#### [Exercise details]
Take the records below from their first line through the line holding "-270775.9)], close=True, dxfattribs=at)", and set each of those lines down exactly, without pictures.

#### [Items from a data source]
------------------------
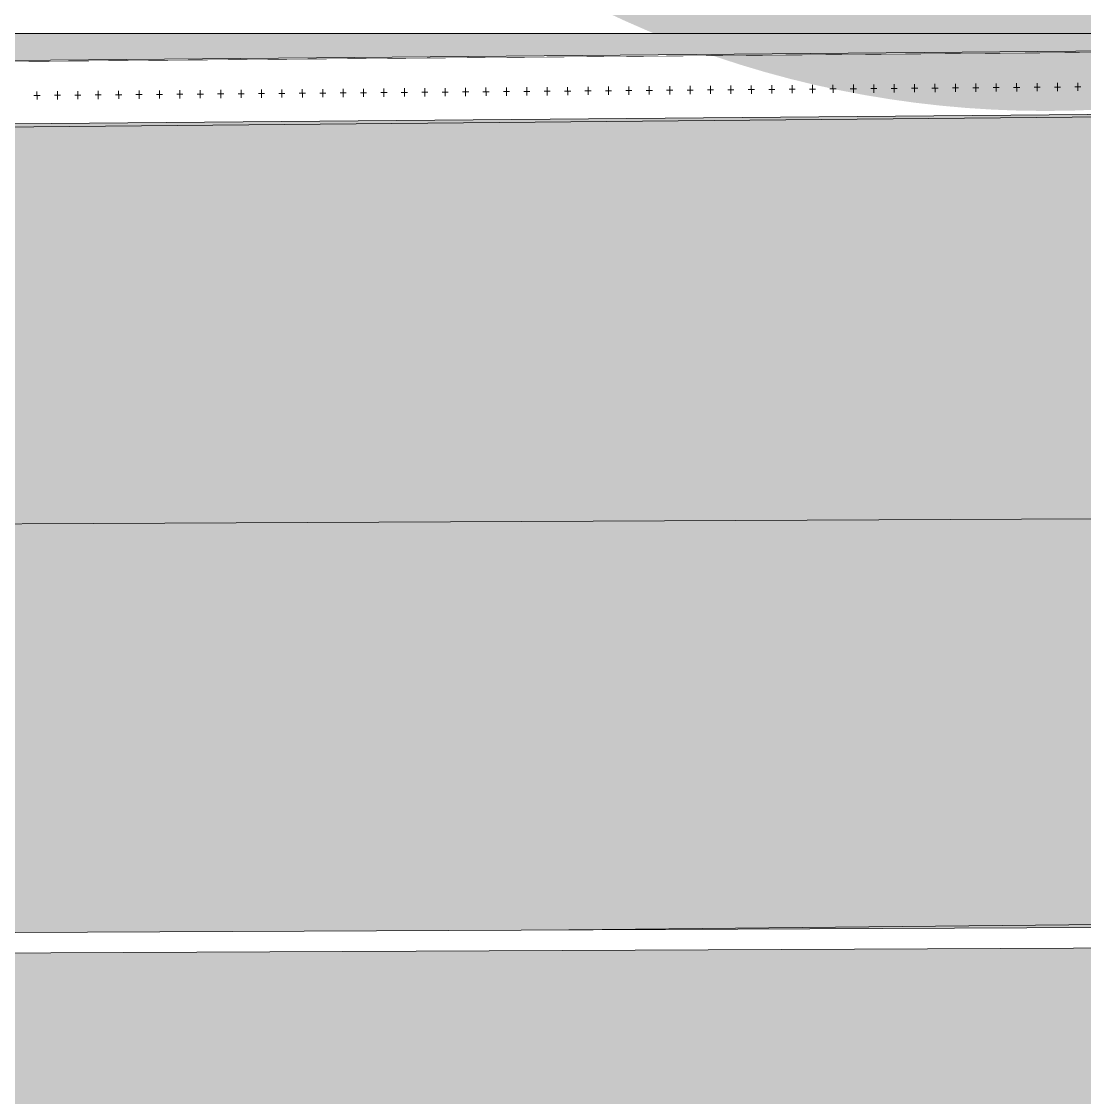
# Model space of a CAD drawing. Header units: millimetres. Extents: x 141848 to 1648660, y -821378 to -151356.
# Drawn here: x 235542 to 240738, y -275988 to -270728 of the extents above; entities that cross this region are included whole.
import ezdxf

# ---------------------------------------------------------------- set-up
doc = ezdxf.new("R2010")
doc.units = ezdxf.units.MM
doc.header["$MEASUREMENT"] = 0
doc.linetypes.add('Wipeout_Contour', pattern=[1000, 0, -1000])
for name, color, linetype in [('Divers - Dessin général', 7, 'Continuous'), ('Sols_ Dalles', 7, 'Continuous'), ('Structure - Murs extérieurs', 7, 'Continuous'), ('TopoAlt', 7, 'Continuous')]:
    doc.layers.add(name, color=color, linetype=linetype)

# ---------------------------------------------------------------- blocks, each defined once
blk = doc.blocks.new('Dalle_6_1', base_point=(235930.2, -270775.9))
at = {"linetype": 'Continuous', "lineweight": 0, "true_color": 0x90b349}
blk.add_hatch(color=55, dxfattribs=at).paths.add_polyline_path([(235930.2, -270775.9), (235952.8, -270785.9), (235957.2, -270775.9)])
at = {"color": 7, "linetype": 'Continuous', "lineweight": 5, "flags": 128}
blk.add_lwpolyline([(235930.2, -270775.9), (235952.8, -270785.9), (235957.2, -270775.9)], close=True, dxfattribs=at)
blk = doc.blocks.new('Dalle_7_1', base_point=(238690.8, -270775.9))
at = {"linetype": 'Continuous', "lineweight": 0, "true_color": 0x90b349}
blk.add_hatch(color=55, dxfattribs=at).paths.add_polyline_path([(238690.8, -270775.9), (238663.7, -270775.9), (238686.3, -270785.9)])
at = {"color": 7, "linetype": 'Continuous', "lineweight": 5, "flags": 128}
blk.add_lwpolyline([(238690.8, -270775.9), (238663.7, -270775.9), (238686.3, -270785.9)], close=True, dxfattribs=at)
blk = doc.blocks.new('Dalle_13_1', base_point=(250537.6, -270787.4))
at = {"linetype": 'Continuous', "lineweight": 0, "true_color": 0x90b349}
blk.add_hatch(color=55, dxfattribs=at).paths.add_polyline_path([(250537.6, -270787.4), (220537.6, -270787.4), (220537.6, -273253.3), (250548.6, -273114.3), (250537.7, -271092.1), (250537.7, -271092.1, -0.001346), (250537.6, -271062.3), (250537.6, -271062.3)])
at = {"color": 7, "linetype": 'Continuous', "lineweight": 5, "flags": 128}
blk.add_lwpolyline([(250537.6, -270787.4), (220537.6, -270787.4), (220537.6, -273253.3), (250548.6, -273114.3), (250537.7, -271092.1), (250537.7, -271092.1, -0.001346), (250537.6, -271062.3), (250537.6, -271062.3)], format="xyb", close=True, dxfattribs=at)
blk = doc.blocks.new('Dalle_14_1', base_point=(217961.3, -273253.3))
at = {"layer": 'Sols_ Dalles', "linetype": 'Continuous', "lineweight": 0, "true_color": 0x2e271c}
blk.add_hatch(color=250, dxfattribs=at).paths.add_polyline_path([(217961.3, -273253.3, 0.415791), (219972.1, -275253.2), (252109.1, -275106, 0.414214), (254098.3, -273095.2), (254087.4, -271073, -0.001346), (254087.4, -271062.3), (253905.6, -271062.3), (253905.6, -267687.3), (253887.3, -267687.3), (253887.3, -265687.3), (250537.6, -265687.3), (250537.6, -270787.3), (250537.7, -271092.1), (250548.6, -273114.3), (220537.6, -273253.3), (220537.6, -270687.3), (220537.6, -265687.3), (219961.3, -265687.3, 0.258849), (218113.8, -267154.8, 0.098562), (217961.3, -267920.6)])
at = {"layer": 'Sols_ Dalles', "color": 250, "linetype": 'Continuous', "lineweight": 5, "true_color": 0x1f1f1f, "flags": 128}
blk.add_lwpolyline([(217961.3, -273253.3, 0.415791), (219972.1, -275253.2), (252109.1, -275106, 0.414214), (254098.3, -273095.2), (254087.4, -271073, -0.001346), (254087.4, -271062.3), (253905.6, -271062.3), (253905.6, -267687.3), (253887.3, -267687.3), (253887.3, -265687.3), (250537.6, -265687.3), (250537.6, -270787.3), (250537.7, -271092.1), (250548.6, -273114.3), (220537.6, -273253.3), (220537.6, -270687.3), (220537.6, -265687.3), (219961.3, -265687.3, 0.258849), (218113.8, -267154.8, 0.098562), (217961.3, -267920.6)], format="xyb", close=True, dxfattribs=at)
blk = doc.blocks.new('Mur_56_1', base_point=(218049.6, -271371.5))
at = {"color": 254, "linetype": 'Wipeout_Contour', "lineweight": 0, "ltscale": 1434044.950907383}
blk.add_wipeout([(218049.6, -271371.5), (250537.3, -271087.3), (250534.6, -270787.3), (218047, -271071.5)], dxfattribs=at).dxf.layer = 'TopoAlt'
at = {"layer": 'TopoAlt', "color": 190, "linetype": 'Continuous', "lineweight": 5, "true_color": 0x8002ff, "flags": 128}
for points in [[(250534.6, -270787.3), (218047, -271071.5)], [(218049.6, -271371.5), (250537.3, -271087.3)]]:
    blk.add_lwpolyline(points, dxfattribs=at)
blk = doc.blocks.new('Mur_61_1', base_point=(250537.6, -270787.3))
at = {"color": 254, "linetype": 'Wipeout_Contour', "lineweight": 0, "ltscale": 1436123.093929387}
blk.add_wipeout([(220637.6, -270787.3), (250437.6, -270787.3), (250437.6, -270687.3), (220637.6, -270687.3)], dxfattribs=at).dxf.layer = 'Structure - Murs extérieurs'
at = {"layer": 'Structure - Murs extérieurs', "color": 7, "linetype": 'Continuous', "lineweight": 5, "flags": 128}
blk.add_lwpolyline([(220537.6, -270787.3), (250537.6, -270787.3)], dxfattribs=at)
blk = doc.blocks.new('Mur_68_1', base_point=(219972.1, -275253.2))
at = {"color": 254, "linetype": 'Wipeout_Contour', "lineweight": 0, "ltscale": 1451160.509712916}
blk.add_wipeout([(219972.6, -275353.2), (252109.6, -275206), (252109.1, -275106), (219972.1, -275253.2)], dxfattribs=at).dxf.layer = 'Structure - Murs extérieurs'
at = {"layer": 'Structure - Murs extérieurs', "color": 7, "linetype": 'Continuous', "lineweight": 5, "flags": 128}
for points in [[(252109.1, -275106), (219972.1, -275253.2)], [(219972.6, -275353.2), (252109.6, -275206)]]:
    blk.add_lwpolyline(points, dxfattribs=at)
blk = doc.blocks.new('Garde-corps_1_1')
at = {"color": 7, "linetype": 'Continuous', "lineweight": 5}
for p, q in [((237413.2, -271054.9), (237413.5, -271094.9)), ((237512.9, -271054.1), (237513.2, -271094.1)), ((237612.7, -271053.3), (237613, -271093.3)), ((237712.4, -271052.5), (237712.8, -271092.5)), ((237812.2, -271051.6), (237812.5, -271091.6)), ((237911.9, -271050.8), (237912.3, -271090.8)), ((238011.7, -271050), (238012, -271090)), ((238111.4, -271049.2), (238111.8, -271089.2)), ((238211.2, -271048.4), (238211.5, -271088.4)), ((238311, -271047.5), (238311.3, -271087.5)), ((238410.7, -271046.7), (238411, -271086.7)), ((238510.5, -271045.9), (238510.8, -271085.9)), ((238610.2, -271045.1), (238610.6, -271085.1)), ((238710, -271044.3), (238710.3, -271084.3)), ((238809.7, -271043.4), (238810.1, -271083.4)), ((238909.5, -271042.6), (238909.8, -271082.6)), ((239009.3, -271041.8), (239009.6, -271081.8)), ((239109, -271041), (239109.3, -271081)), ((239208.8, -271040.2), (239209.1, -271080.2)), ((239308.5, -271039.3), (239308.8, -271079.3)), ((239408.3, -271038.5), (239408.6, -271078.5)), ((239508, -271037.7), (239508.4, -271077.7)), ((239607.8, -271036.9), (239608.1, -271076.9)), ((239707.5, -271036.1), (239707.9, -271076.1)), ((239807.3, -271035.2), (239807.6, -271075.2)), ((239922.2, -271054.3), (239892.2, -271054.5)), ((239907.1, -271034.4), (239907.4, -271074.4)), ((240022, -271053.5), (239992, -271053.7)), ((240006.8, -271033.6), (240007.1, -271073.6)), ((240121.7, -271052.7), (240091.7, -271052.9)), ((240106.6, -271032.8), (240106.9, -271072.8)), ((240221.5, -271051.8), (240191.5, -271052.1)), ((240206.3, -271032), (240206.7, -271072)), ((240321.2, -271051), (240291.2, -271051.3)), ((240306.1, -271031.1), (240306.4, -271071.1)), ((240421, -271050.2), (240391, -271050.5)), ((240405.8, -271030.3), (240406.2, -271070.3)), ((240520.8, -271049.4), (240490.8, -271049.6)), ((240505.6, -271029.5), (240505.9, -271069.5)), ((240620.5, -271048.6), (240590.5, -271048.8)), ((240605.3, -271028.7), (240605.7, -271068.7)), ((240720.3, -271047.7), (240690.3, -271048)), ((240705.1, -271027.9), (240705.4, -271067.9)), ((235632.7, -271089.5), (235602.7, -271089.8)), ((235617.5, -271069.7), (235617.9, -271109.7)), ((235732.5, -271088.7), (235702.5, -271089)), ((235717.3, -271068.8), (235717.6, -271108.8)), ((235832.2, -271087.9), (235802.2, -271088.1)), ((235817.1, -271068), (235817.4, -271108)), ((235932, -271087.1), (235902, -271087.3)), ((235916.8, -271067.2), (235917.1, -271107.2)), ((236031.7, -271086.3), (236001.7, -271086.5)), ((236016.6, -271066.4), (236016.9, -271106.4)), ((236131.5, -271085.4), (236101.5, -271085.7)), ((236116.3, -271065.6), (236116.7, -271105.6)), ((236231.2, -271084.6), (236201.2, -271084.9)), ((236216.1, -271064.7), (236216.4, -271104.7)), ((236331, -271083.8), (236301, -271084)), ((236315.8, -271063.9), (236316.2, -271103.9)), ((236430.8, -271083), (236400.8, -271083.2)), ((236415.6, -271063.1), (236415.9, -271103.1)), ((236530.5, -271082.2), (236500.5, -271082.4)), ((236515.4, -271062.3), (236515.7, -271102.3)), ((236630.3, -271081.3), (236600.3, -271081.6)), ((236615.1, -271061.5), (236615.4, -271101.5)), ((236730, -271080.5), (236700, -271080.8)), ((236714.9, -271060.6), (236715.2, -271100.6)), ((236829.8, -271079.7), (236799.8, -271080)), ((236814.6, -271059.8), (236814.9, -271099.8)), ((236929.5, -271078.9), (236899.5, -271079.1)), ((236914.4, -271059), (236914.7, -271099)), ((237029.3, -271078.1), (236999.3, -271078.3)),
------------------------
#### [Solution for this problem]
# Model space of a CAD drawing. Header units: millimetres. Extents: x 141848 to 1648660, y -821378 to -151356.
# Drawn here: x 235542 to 240738, y -275988 to -270728 of the extents above; entities that cross this region are included whole.
import ezdxf

# ---------------------------------------------------------------- set-up
doc = ezdxf.new("R2010")
doc.units = ezdxf.units.MM
doc.header["$MEASUREMENT"] = 0
doc.linetypes.add('Wipeout_Contour', pattern=[1000, 0, -1000])
for name, color, linetype in [('Divers - Dessin général', 7, 'Continuous'), ('Sols_ Dalles', 7, 'Continuous'), ('Structure - Murs extérieurs', 7, 'Continuous'), ('TopoAlt', 7, 'Continuous')]:
    doc.layers.add(name, color=color, linetype=linetype)

# ---------------------------------------------------------------- blocks, each defined once
blk = doc.blocks.new('Dalle_6_1', base_point=(235930.2, -270775.9))
at = {"linetype": 'Continuous', "lineweight": 0, "true_color": 0x90b349}
blk.add_hatch(color=55, dxfattribs=at).paths.add_polyline_path([(235930.2, -270775.9), (235952.8, -270785.9), (235957.2, -270775.9)])
at = {"color": 7, "linetype": 'Continuous', "lineweight": 5, "flags": 128}
blk.add_lwpolyline([(235930.2, -270775.9), (235952.8, -270785.9), (235957.2, -270775.9)], close=True, dxfattribs=at)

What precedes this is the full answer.